Adding a slow-adaptation parameter \(\gamma \in (0, 1]\) gives the final \(\alpha\) iteration:

$$ \begin{align*} \alpha_{t+1} &\leftarrow \alpha_t \left( 1 + \gamma \frac{ \alpha_t \langle \nabla f(\theta_t - \alpha_t \omega_t), \omega_t \rangle }{ f(\theta_t - \alpha_t \omega_t) + f(\theta_t + \alpha_t \omega_t) - 2f(\theta_t) } \right). \end{align*} $$

The numerator can also be estimated without gradient computations, since

$$ \langle \nabla f(\theta_t - \alpha_t \omega_t), \omega_t \rangle \approx \frac{f(\theta_t + \alpha_t \omega_t) - f(\theta_t - \alpha_t \omega_t)}{2 \alpha_t}. $$

ML context

In the context of machine learning, there is (at least in principle) a single loss function to be minimized. Typically, a distinct proxy loss function is used in each gradient descent iteration, since the training batch data changes with each iteration. To account for this, we can rewrite the Newton-like iterations as

$$ \colorbox{lesserbox} { $ \left\{ \begin{align*} \theta_{t+1} &\leftarrow \theta_t - \alpha_t \omega_t \\ \alpha_{t+1} &\leftarrow \alpha_t + \frac{ \langle \nabla L_t(\theta_t - \alpha_t \omega_t), \omega_t \rangle }{ \omega_t^T H(L_t)(\theta_t - \alpha_t \omega_t) \omega_t }. \end{align*} \right. $ } $$

where \(L_t\) is the proxy loss function at iteration \(t\) and \(\omega_t = \omega(\theta_t, \nabla L_t(\theta_t))\).

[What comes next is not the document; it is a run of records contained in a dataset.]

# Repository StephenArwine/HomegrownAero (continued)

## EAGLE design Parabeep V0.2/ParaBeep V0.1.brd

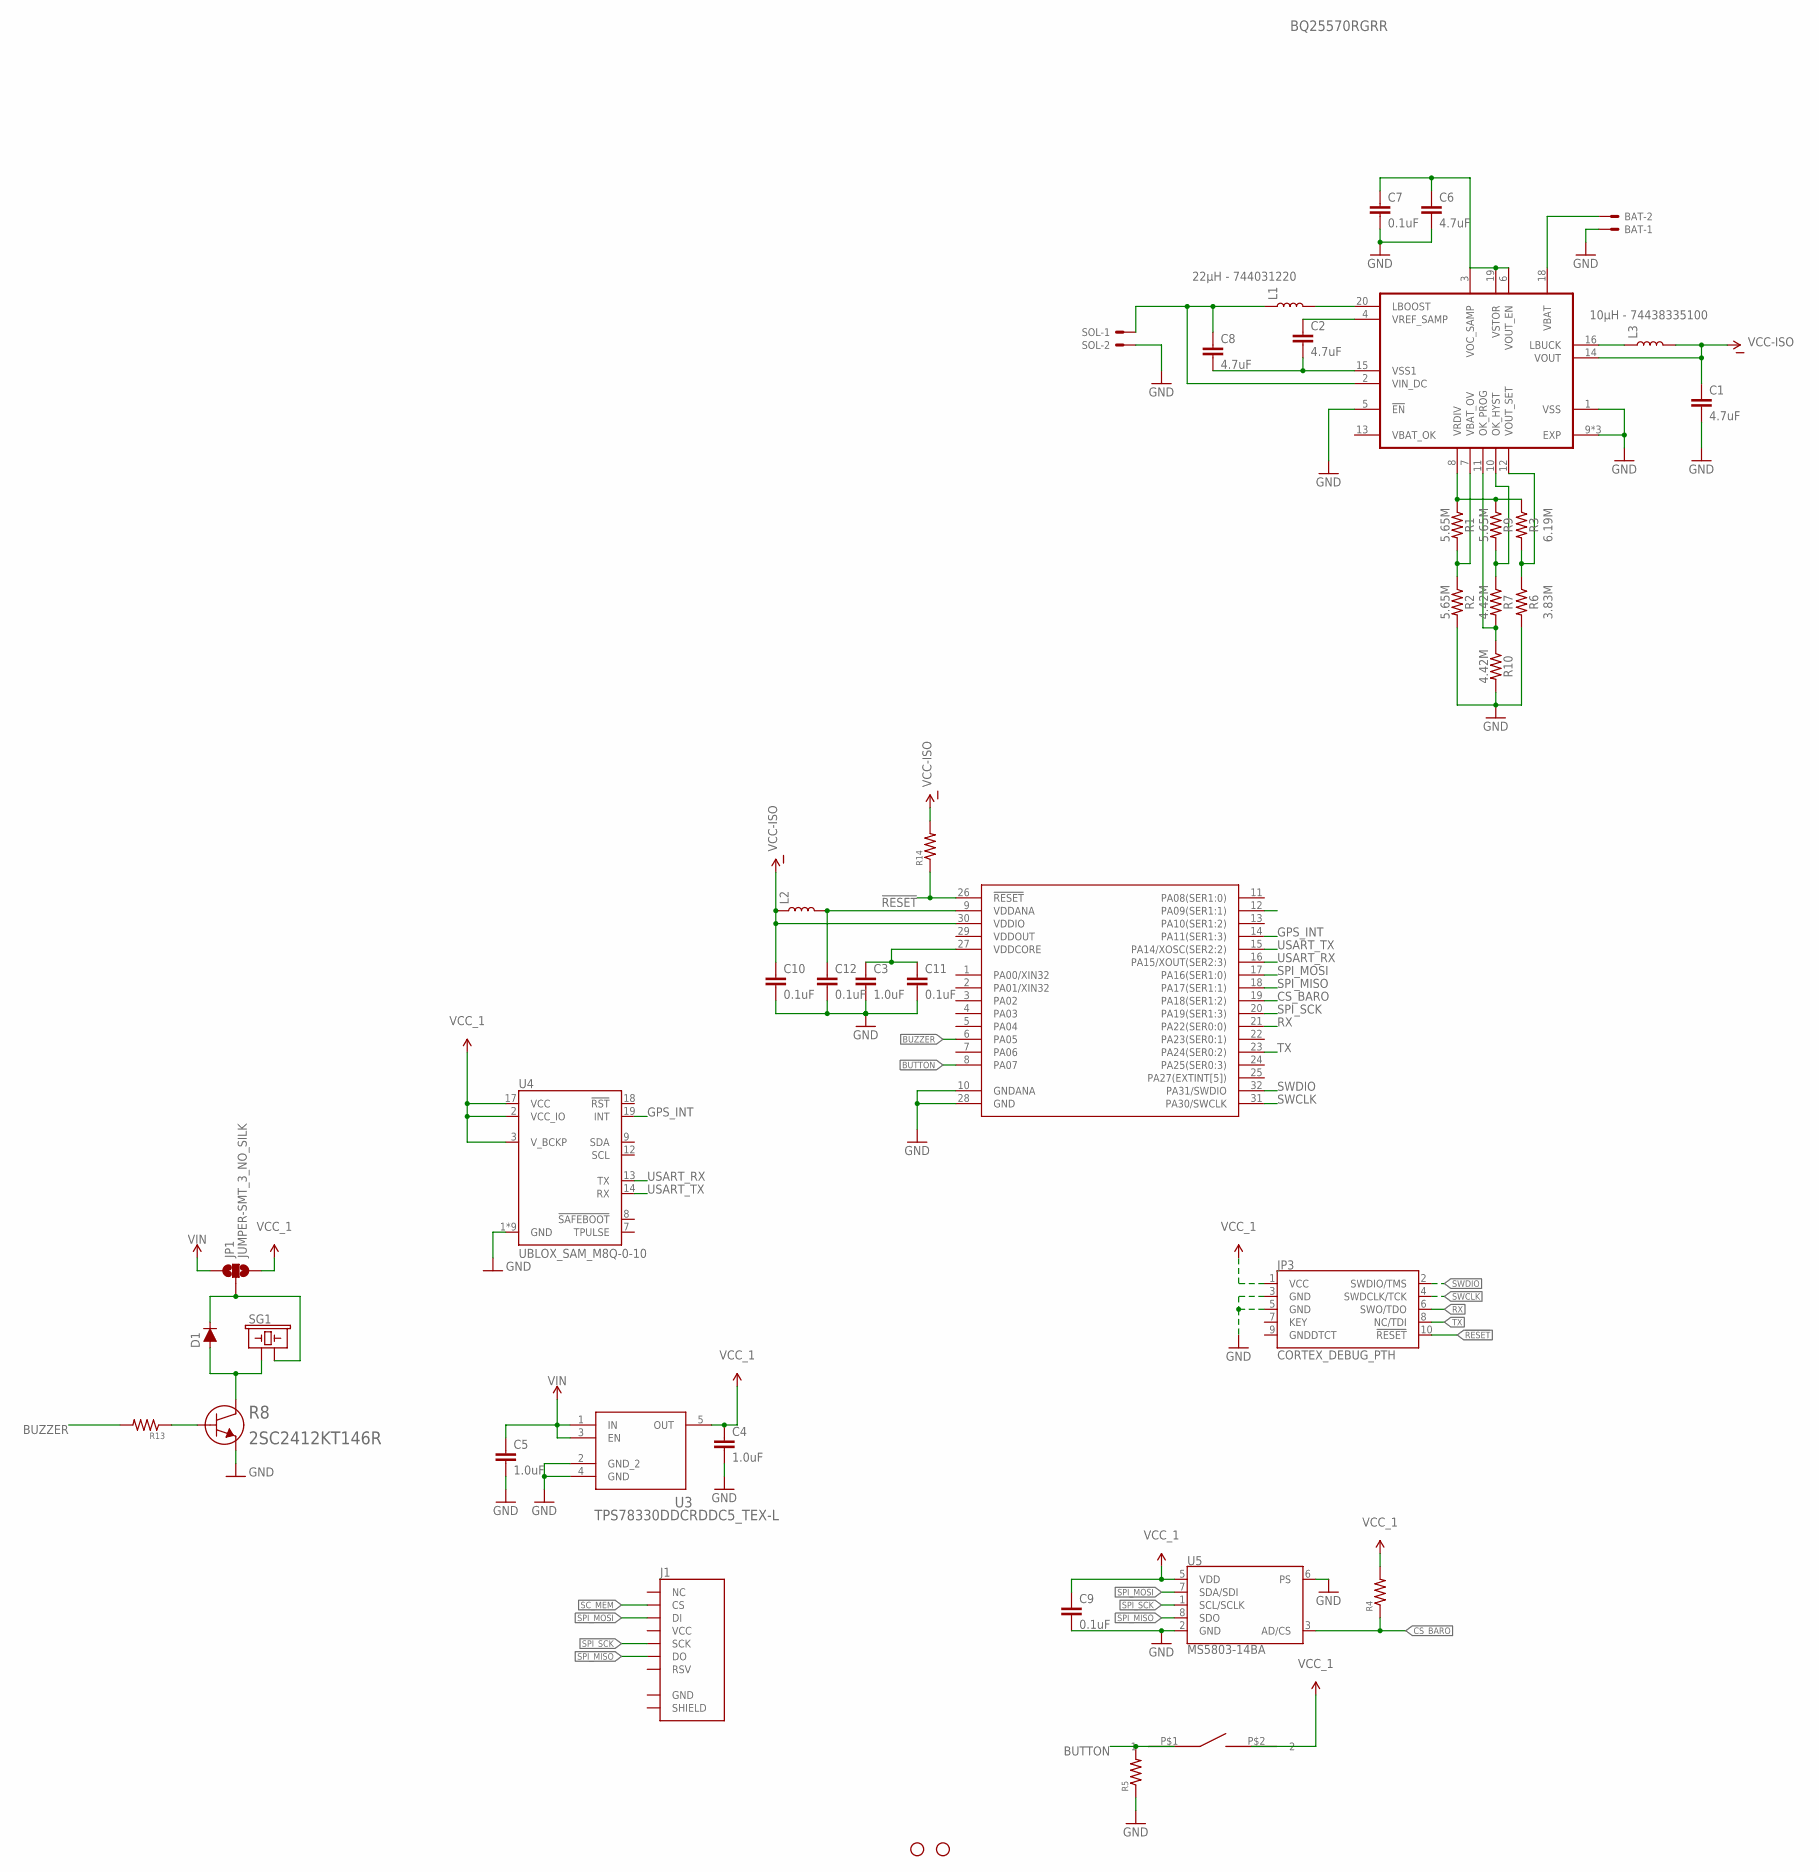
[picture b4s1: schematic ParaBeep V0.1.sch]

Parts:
BAT: SM02B-SSR-H-TB
C1, C2, C6, C8: 4.7uF; 0603
C3, C4, C5: 1.0uF; 0603
C7, C9, C10, C11, C12: 0.1uF; 0603
D1: 250mA/100V; SOD-323
H1, H2: STAND-OFFTIGHT; STAND-OFF-TIGHT
J1: MICRO-SD_CARD_SOCKETPUSH-PUSH; MICRO-SD-SOCKET
JP1: JUMPER-SMT_3_NO_SILK; SMT-JUMPER_3_NO_SILK
JP3: CORTEX_DEBUG_PTH; 2X5-PTH-1.27MM
L1: 22µH - 744031220; INDUCTOR_4.7UH
L2: INDUCTORFB-30OHM; 0603
L3: 10µH - 74438335100; INDUCTOR_4.7UH
R1, R2, R9: 5.65M; 0603
R3: 6.19M; 0603
R4, R5, R13, R14: 0402
R6: 3.83M; 0603
R7, R10: 4.42M; 0603
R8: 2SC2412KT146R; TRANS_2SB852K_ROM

For example, the \(\alpha\) iteration using the Retsinas et al. approximation is

$$ \left\{ \begin{align*} \alpha_{t+1} \leftarrow \alpha_t + \frac{ \alpha_t \langle \nabla L_t(\theta_t - \alpha_t \omega_t), \omega_t \rangle }{ \langle \nabla L_t(\theta_t) - \nabla L_t(\theta_t - \alpha_t \omega_t), \omega_t \rangle) }. \end{align*} \right. $$

Implementation

To prevent \(\alpha\) from vanishing or growing without bound, we can clamp it in addition to making it adapt slowly.

References

  1. G. Retsinas, G. Sfikas, P. Filntisis and P. Maragos, “Newton-Based Trainable Learning Rate,” ICASSP 2023
  2. G. Retsinas, G. Sfikas, P. Filntisis and P. Maragos, “Trainable Learning Rate”, 2022, retracted.